Looking to better your morning and night time rituals? Our career coach gives insight into improving your day-to-day behaviours to be a more efficient person.

Question: How can I adjust my morning and night routine to get the most out of my working day? Sunarti, Indonesia

Sharing morning routines has become a bit of a trope on sites like LinkedIn. But if you can ignore people’s attempts to outdo each other’s routines – usually involving 5am ice-baths or some such – there are some things that make a lot of sense.

Firstly, having any routine is helpful, especially as so many people now have flexible working arrangements or can work from home. It is incumbent upon you to have some self-discipline.
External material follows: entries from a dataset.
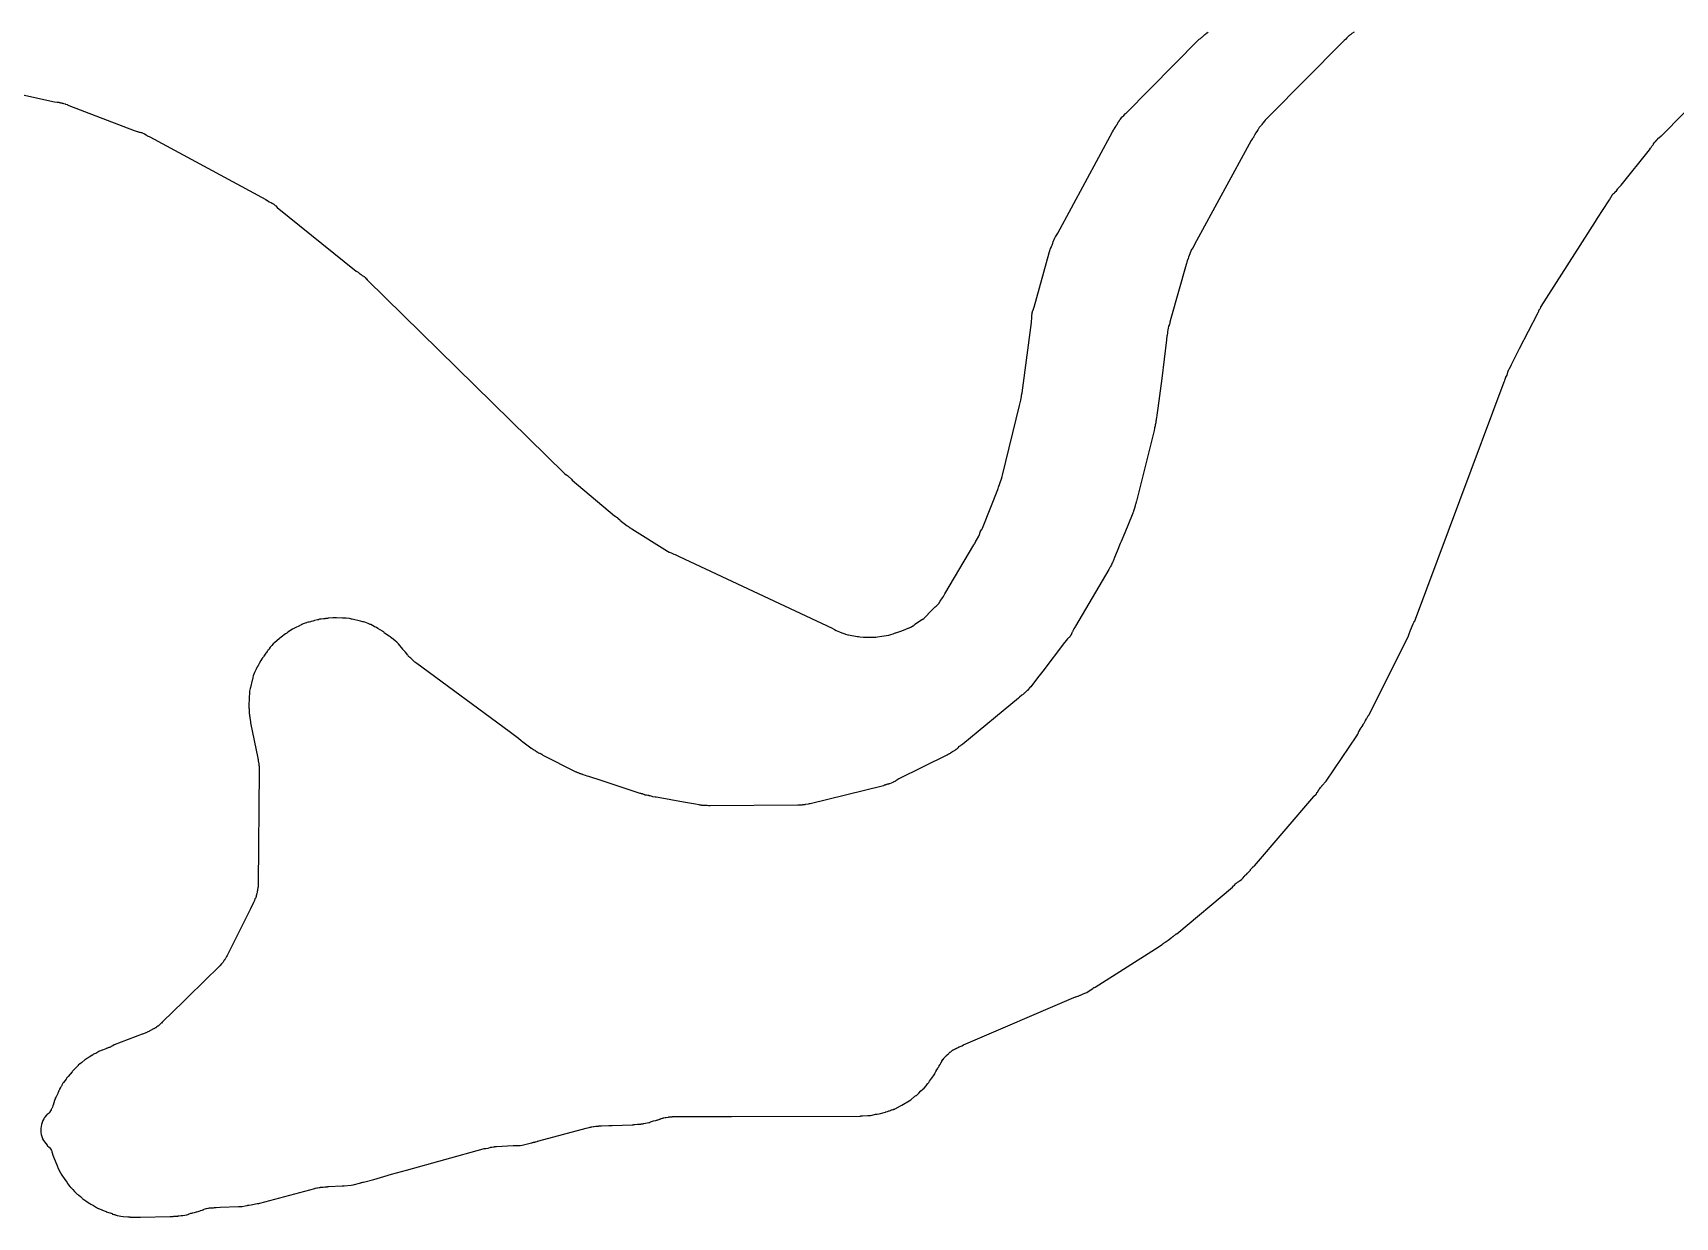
# Model space of a CAD drawing. Header units: millimetres. Extents: x 0 to 300, y 0 to 300.
# Drawn here: x 190.56 to 237.69, y 116.02 to 150 of the extents above; entities that cross this region are included whole.
import ezdxf

# ---------------------------------------------------------------- set-up
doc = ezdxf.new("R2010")
doc.units = ezdxf.units.MM
doc.layers.add('CUT', color=7, linetype='CONTINUOUS')

msp = doc.modelspace()

# ---------------------------------------------------------------- linework, layer by layer
at = {"layer": 'CUT'}
for points in [[(189.09, 148.48), (191.18, 148.02), (191.25, 148.01), (191.27, 148.01), (191.3, 148.01), (191.31, 148), (191.32, 148), (191.33, 148), (191.35, 147.99), (191.38, 147.99), (191.4, 147.98), (191.41, 147.98), (191.42, 147.98), (191.43, 147.97), (191.44, 147.97), (191.48, 147.96), (191.49, 147.95), (191.54, 147.94), (191.55, 147.93), (191.59, 147.92), (193.46, 147.2), (193.49, 147.19), (193.55, 147.17), (193.56, 147.17), (193.59, 147.16), (193.61, 147.15), (193.63, 147.15), (193.65, 147.14), (193.68, 147.14), (193.69, 147.13), (193.74, 147.11), (193.76, 147.1), (193.81, 147.07), (193.84, 147.05), (193.85, 147.05), (193.86, 147.04), (193.89, 147.03), (193.91, 147.02), (197.24, 145.22), (197.28, 145.19), (197.29, 145.19), (197.34, 145.15), (197.38, 145.13), (197.39, 145.12), (197.4, 145.12), (197.41, 145.11), (197.42, 145.11), (197.43, 145.1), (197.44, 145.1), (197.45, 145.09), (197.47, 145.08), (197.5, 145.06), (197.51, 145.05), (197.53, 145.04), (197.57, 144.99), (199.83, 143.16), (199.89, 143.13), (199.94, 143.09), (199.95, 143.09), (199.98, 143.07), (200, 143.05), (200.01, 143.04), (200.04, 143.02), (200.05, 143.01), (200.06, 143.01), (200.09, 142.98), (200.12, 142.94), (200.13, 142.94), (200.15, 142.91), (205.81, 137.36), (205.86, 137.32), (205.87, 137.32), (205.9, 137.3), (205.92, 137.28), (206.01, 137.19), (206.03, 137.17), (207.25, 136.14), (207.26, 136.14), (207.3, 136.1), (207.32, 136.09), (207.35, 136.06), (207.37, 136.05), (207.38, 136.05), (207.4, 136.03), (207.4, 136.02), (207.61, 135.86), (207.65, 135.84), (207.66, 135.83), (207.67, 135.82), (207.7, 135.8), (207.71, 135.8), (207.73, 135.78), (207.74, 135.77), (208.77, 135.13), (208.82, 135.1), (208.83, 135.1), (208.87, 135.08), (208.89, 135.07), (208.95, 135.04), (208.99, 135.03), (209.1, 134.98), (213.49, 132.92), (213.56, 132.88), (213.61, 132.85), (213.7, 132.81), (213.77, 132.79), (213.86, 132.76), (213.88, 132.75), (213.94, 132.73), (213.96, 132.73), (214.01, 132.72), (214.16, 132.69), (214.22, 132.68), (214.25, 132.68), (214.29, 132.67), (214.39, 132.66), (214.45, 132.66), (214.7, 132.66), (214.75, 132.66), (214.79, 132.67), (214.92, 132.69), (215.05, 132.71), (215.12, 132.72), (215.18, 132.74), (215.24, 132.76), (215.28, 132.78), (215.31, 132.79), (215.32, 132.79), (215.38, 132.8), (215.44, 132.82), (215.49, 132.84), (215.61, 132.89), (215.63, 132.9), (215.66, 132.91), (215.67, 132.92), (215.68, 132.92), (215.7, 132.93), (215.72, 132.94), (215.73, 132.94), (215.75, 132.95), (215.76, 132.96), (215.77, 132.96), (215.81, 132.99), (215.82, 132.99), (215.85, 133.01), (215.86, 133.02), (215.87, 133.03), (216.06, 133.16), (216.07, 133.17), (216.08, 133.17), (216.12, 133.2), (216.17, 133.24), (216.21, 133.28), (216.25, 133.32), (216.25, 133.33), (216.29, 133.37), (216.45, 133.53), (216.48, 133.55), (216.55, 133.63), (216.59, 133.69), (216.66, 133.79), (216.69, 133.83), (216.73, 133.9), (217.56, 135.31), (217.57, 135.32), (217.58, 135.34), (217.6, 135.37), (217.6, 135.38), (217.61, 135.39), (217.61, 135.4), (217.62, 135.41), (217.62, 135.42), (217.64, 135.44), (217.7, 135.56), (217.72, 135.61), (217.74, 135.67), (217.74, 135.68), (217.75, 135.69), (217.75, 135.7), (217.79, 135.75), (217.81, 135.79), (217.83, 135.84), (218.25, 136.9), (218.26, 136.93), (218.27, 136.96), (218.35, 137.2), (218.37, 137.27), (218.38, 137.31), (218.87, 139.31), (218.88, 139.35), (218.89, 139.38), (218.91, 139.46), (218.93, 139.57), (218.93, 139.6), (218.94, 139.63), (218.94, 139.64), (218.95, 139.67), (219.21, 141.69), (219.21, 141.74), (219.22, 141.79), (219.22, 141.84), (219.22, 141.88), (219.23, 141.94), (219.22, 141.93), (219.24, 142), (219.24, 142.01), (219.25, 142.02), (219.27, 142.07), (219.27, 142.08), (219.29, 142.13), (219.72, 143.69), (219.72, 143.7), (219.74, 143.75), (219.74, 143.76), (219.76, 143.8), (219.76, 143.81), (219.79, 143.86), (219.79, 143.87), (219.8, 143.89), (219.81, 143.91), (219.82, 143.94), (219.83, 143.97), (219.84, 144), (219.84, 144.01), (219.84, 144.02), (219.85, 144.03), (219.85, 144.04), (219.85, 144.05), (219.86, 144.07), (219.88, 144.12), (219.89, 144.14), (219.9, 144.15), (219.94, 144.2), (219.97, 144.25), (221.54, 147.16), (221.57, 147.21), (221.57, 147.22), (221.58, 147.23), (221.59, 147.24), (221.59, 147.25), (221.6, 147.26), (221.63, 147.31), (221.63, 147.32), (221.64, 147.33), (221.65, 147.34), (221.65, 147.35), (221.66, 147.35), (221.66, 147.36), (221.67, 147.37), (221.67, 147.38), (221.68, 147.39), (221.69, 147.41), (221.69, 147.42), (221.7, 147.43), (221.7, 147.44), (221.71, 147.45), (221.72, 147.46), (221.73, 147.47), (221.73, 147.48), (221.74, 147.48), (221.74, 147.49), (221.75, 147.5), (221.77, 147.52), (221.81, 147.58), (221.82, 147.59), (221.86, 147.63), (221.9, 147.68), (221.91, 147.69), (221.92, 147.69), (224.01, 149.8), (224.02, 149.81), (224.03, 149.82), (224.04, 149.83), (224.06, 149.84), (224.08, 149.86), (224.1, 149.88), (224.12, 149.89), (224.16, 149.92), (224.19, 149.95), (224.22, 149.97), (224.25, 150), (224.26, 150), (224.28, 150.02)], [(228.47, 150.02), (228.41, 149.98), (228.38, 149.95), (228.36, 149.94), (228.34, 149.92), (228.33, 149.92), (228.26, 149.86), (228.23, 149.82), (228.19, 149.78), (228.14, 149.73), (228.12, 149.71), (226.04, 147.62), (226.02, 147.6), (225.92, 147.49), (225.89, 147.46), (225.88, 147.45), (225.86, 147.42), (225.85, 147.41), (225.84, 147.4), (225.82, 147.37), (225.81, 147.35), (225.77, 147.3), (225.75, 147.28), (225.74, 147.27), (225.73, 147.25), (225.72, 147.23), (225.71, 147.22), (225.68, 147.17), (225.67, 147.16), (225.65, 147.13), (225.61, 147.06), (225.59, 147.03), (225.58, 147.01), (225.58, 147), (225.57, 146.98), (225.56, 146.97), (225.55, 146.96), (225.55, 146.95), (225.52, 146.91), (223.89, 143.93), (223.85, 143.84), (223.81, 143.78), (223.72, 143.56), (223.71, 143.53), (223.71, 143.52), (223.7, 143.51), (223.68, 143.46), (223.67, 143.41), (223.66, 143.39), (223.66, 143.38), (223.65, 143.35), (223.21, 141.8), (223.18, 141.7), (223.18, 141.68), (223.17, 141.63), (223.16, 141.62), (223.16, 141.61), (223.15, 141.58), (223.14, 141.53), (223.13, 141.48), (223.12, 141.42), (223.12, 141.41), (223.12, 141.38), (223.11, 141.33), (223.11, 141.32), (223.1, 141.31), (223.1, 141.28), (223.09, 141.23), (223.09, 141.2), (223.09, 141.19), (222.95, 140.08), (222.84, 139.23), (222.81, 139.03), (222.81, 139.01), (222.8, 138.97), (222.79, 138.91), (222.79, 138.89), (222.79, 138.88), (222.78, 138.87), (222.78, 138.86), (222.78, 138.84), (222.78, 138.83), (222.78, 138.82), (222.78, 138.81), (222.78, 138.8), (222.77, 138.8), (222.77, 138.79), (222.77, 138.78), (222.77, 138.77), (222.76, 138.76), (222.76, 138.74), (222.76, 138.73), (222.76, 138.72), (222.76, 138.71), (222.75, 138.7), (222.74, 138.67), (222.74, 138.65), (222.74, 138.64), (222.73, 138.6), (222.73, 138.59), (222.23, 136.56), (222.22, 136.54), (222.21, 136.5), (222.21, 136.49), (222.2, 136.48), (222.2, 136.47), (222.19, 136.45), (222.19, 136.43), (222.19, 136.42), (222.18, 136.41), (222.18, 136.4), (222.18, 136.39), (222.18, 136.38), (222.17, 136.37), (222.17, 136.36), (222.17, 136.35), (222.16, 136.35), (222.16, 136.34), (222.16, 136.33), (222.16, 136.32), (222.15, 136.32), (222.15, 136.31), (222.15, 136.3), (222.14, 136.3), (222.14, 136.28), (222.14, 136.27), (222.12, 136.23), (222.12, 136.22), (222.1, 136.17), (221.89, 135.65), (221.79, 135.41), (221.76, 135.35), (221.67, 135.13), (221.6, 134.95), (221.59, 134.92), (221.58, 134.9), (221.58, 134.89), (221.58, 134.88), (221.57, 134.87), (221.57, 134.86), (221.56, 134.85), (221.56, 134.84), (221.55, 134.82), (221.55, 134.81), (221.54, 134.8), (221.53, 134.79), (221.53, 134.78), (221.52, 134.77), (221.52, 134.76), (221.51, 134.75), (221.51, 134.74), (221.51, 134.73), (221.5, 134.73), (221.49, 134.71), (221.49, 134.7), (221.49, 134.69), (221.48, 134.69), (221.48, 134.68), (221.47, 134.68), (221.47, 134.67), (221.46, 134.66), (221.44, 134.62), (221.43, 134.6), (220.48, 132.98), (220.47, 132.96), (220.43, 132.9), (220.42, 132.88), (220.41, 132.86), (220.4, 132.84), (220.4, 132.83), (220.39, 132.81), (220.38, 132.8), (220.37, 132.79), (220.36, 132.76), (220.36, 132.75), (220.35, 132.74), (220.35, 132.73), (220.34, 132.73), (220.34, 132.72), (220.33, 132.7), (220.32, 132.7), (220.32, 132.69), (220.31, 132.68), (220.31, 132.67), (220.3, 132.67), (220.3, 132.66), (220.29, 132.65), (220.28, 132.64), (220.27, 132.63), (220.25, 132.61), (220.21, 132.57), (220.17, 132.52), (220.16, 132.51), (219.54, 131.69), (219.39, 131.49), (219.37, 131.47), (219.21, 131.26), (219.19, 131.24), (219.17, 131.22), (219.12, 131.16), (219.1, 131.13), (219.08, 131.12), (219.07, 131.11), (219.06, 131.1), (219.02, 131.06), (219.01, 131.05), (219, 131.05), (219, 131.04), (218.99, 131.04), (218.98, 131.03), (218.97, 131.02), (218.94, 131), (218.87, 130.94), (218.85, 130.92), (218.84, 130.91), (217.24, 129.59), (217.19, 129.55), (217.18, 129.54), (217.16, 129.53), (217.13, 129.52), (217.1, 129.49), (217.1, 129.48), (217.09, 129.48), (217.09, 129.47), (217.08, 129.46), (217.06, 129.45), (217.05, 129.44), (217.04, 129.44), (217.01, 129.41), (216.99, 129.4), (216.98, 129.39), (216.96, 129.38), (216.95, 129.37), (216.92, 129.35), (216.89, 129.33), (216.88, 129.32), (216.86, 129.31), (216.85, 129.31), (216.83, 129.3), (216.82, 129.29), (216.79, 129.28), (216.78, 129.28), (215.41, 128.6), (215.35, 128.56), (215.32, 128.54), (215.31, 128.53), (215.24, 128.5), (215.23, 128.49), (215.19, 128.47), (215.14, 128.45), (215.13, 128.45), (215.12, 128.45), (215.11, 128.44), (215.1, 128.44), (215.08, 128.44), (215.06, 128.43), (215.05, 128.43), (215.03, 128.42), (215.02, 128.42), (215.01, 128.41), (215, 128.41), (214.99, 128.41), (214.97, 128.4), (214.93, 128.39), (212.86, 127.88), (212.85, 127.88), (212.83, 127.88), (212.8, 127.87), (212.73, 127.86), (212.72, 127.86), (212.71, 127.85), (212.7, 127.85), (212.67, 127.85), (212.66, 127.85), (212.65, 127.85), (212.64, 127.85), (212.62, 127.84), (212.59, 127.84), (212.57, 127.84), (212.55, 127.84), (212.54, 127.84), (212.52, 127.84), (212.51, 127.84), (209.99, 127.82), (209.97, 127.82), (209.96, 127.82), (209.94, 127.82), (209.91, 127.83), (209.84, 127.83), (209.82, 127.83), (209.78, 127.83), (209.76, 127.83), (209.75, 127.83), (209.74, 127.84), (209.73, 127.84), (209.72, 127.84), (209.71, 127.84), (209.7, 127.84), (209.68, 127.85), (209.57, 127.87), (209.23, 127.93), (208.5, 128.06), (208.44, 128.07), (208.41, 128.07), (208.35, 128.08), (208.33, 128.09), (208.27, 128.11), (208.25, 128.11), (208.24, 128.11), (208.23, 128.12), (208.2, 128.12), (208.17, 128.13), (208.16, 128.13), (208.14, 128.13), (208.13, 128.13), (208.12, 128.14), (208.11, 128.14), (208.1, 128.14), (208.1, 128.15), (208.09, 128.15), (208.07, 128.16), (208.05, 128.16), (208.05, 128.17), (208.03, 128.17), (208.02, 128.17), (208, 128.18), (207.98, 128.18), (206.89, 128.54), (206.51, 128.66), (206.5, 128.66), (206.46, 128.67), (206.41, 128.69), (206.35, 128.71), (206.34, 128.72), (206.32, 128.72), (206.31, 128.73), (206.28, 128.74), (206.27, 128.74), (206.26, 128.74), (206.24, 128.75), (206.23, 128.76), (206.21, 128.77), (206.2, 128.77), (206.19, 128.77), (206.18, 128.78), (206.17, 128.78), (206.17, 128.79), (206.16, 128.79), (206.15, 128.79), (206.13, 128.8), (205.2, 129.27), (205.17, 129.29), (205.16, 129.29), (205.15, 129.3), (205.13, 129.31), (205.12, 129.31), (205.11, 129.32), (205.1, 129.32), (205.08, 129.33), (205.07, 129.33), (205.06, 129.34), (205.05, 129.35), (205.04, 129.36), (205.03, 129.36), (205.02, 129.37), (205.01, 129.37), (204.98, 129.39), (204.97, 129.41), (204.94, 129.42), (204.93, 129.43), (204.92, 129.43), (204.91, 129.44), (204.9, 129.44), (204.9, 129.45), (204.88, 129.46), (204.87, 129.47), (204.86, 129.47), (204.85, 129.48), (204.62, 129.65), (204.57, 129.69), (204.49, 129.75), (204.22, 129.95), (201.57, 131.91), (201.55, 131.92), (201.53, 131.94), (201.52, 131.94), (201.51, 131.95), (201.5, 131.96), (201.46, 132), (201.4, 132.06), (201.37, 132.08), (201.36, 132.09), (201.35, 132.1), (201.34, 132.11), (201.34, 132.12), (201.33, 132.13), (201.32, 132.14), (201.31, 132.15), (201.29, 132.18), (201.25, 132.23), (201.21, 132.27), (201.18, 132.3), (201.17, 132.31), (201.17, 132.32), (201.05, 132.47), (201, 132.52), (200.95, 132.56), (200.9, 132.6), (200.86, 132.63), (200.85, 132.63), (200.85, 132.64), (200.82, 132.66), (200.82, 132.67), (200.78, 132.69), (200.65, 132.78), (200.64, 132.79), (200.63, 132.8), (200.6, 132.82), (200.59, 132.83), (200.46, 132.91), (200.42, 132.94), (200.4, 132.95), (200.37, 132.96), (200.36, 132.96), (200.35, 132.97), (200.3, 133), (200.25, 133.02), (200.24, 133.02), (200.2, 133.04), (200.18, 133.05), (200.13, 133.07), (200.08, 133.09), (200.04, 133.1), (200.03, 133.1), (200.02, 133.1), (199.96, 133.12), (199.72, 133.18), (199.7, 133.18), (199.64, 133.2), (199.63, 133.2), (199.55, 133.21), (199.48, 133.21), (199.45, 133.21), (199.44, 133.21), (199.27, 133.22), (199.25, 133.22), (199.16, 133.22), (199.04, 133.21), (199.03, 133.21), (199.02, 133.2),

Having a regular time to get up and go to bed is good sleep hygiene, and getting enough sleep is critical for mental and physical health.

The same goes for exercising regularly. My observation is that making this part of a routine means you are far more likely to do it than if it’s something you try to fit in when you can, around other commitments.

Getting your thoughts down on paper, writing out a to-do list and identifying the 2-3 priorities, really helps with focus. Try and reflect on what has been going well, what could be done better, what needs to get done, and what are the top 2-3 priorities over the next few days. You can do this morning or evening.

Some other productivity tips, beyond morning and evening routines, that I also think are really useful are:

Understand your own working rhythm and when you are most productive. If you are a morning person, do the most important stuff then, vice versa if you are an evening person. The same if you know you have more energy at the start or end of the week

Understand your own schedule, and don’t over schedule. In most jobs, unexpected stuff happens. Don’t schedule 8 hours work in a day, schedule 4-5 and leave 3-4 hours free as contingency time.

Don’t multitask, countless studies show this doesn’t work. If you have something important to do, set aside the time to do it, and focus only on that task, nothing else.

Treat sorting out your incoming messages as a separate and distinct task from working on whatever tasks are embedded in the messages.

Turn off all of your notifications. Unfortunately, a lot of the technology we use in the workplace enables us to communicate and share information really quickly, but encourages working habits that reduce productivity.

My final thought on this is not to fetishise productivity. For most of us who are knowledge workers, work is essentially infinite. Your time is finite, and no amount of productivity improvements will change that.

So, setting a limit on how many hours you put in each day and week is important to ensure you have a life outside work.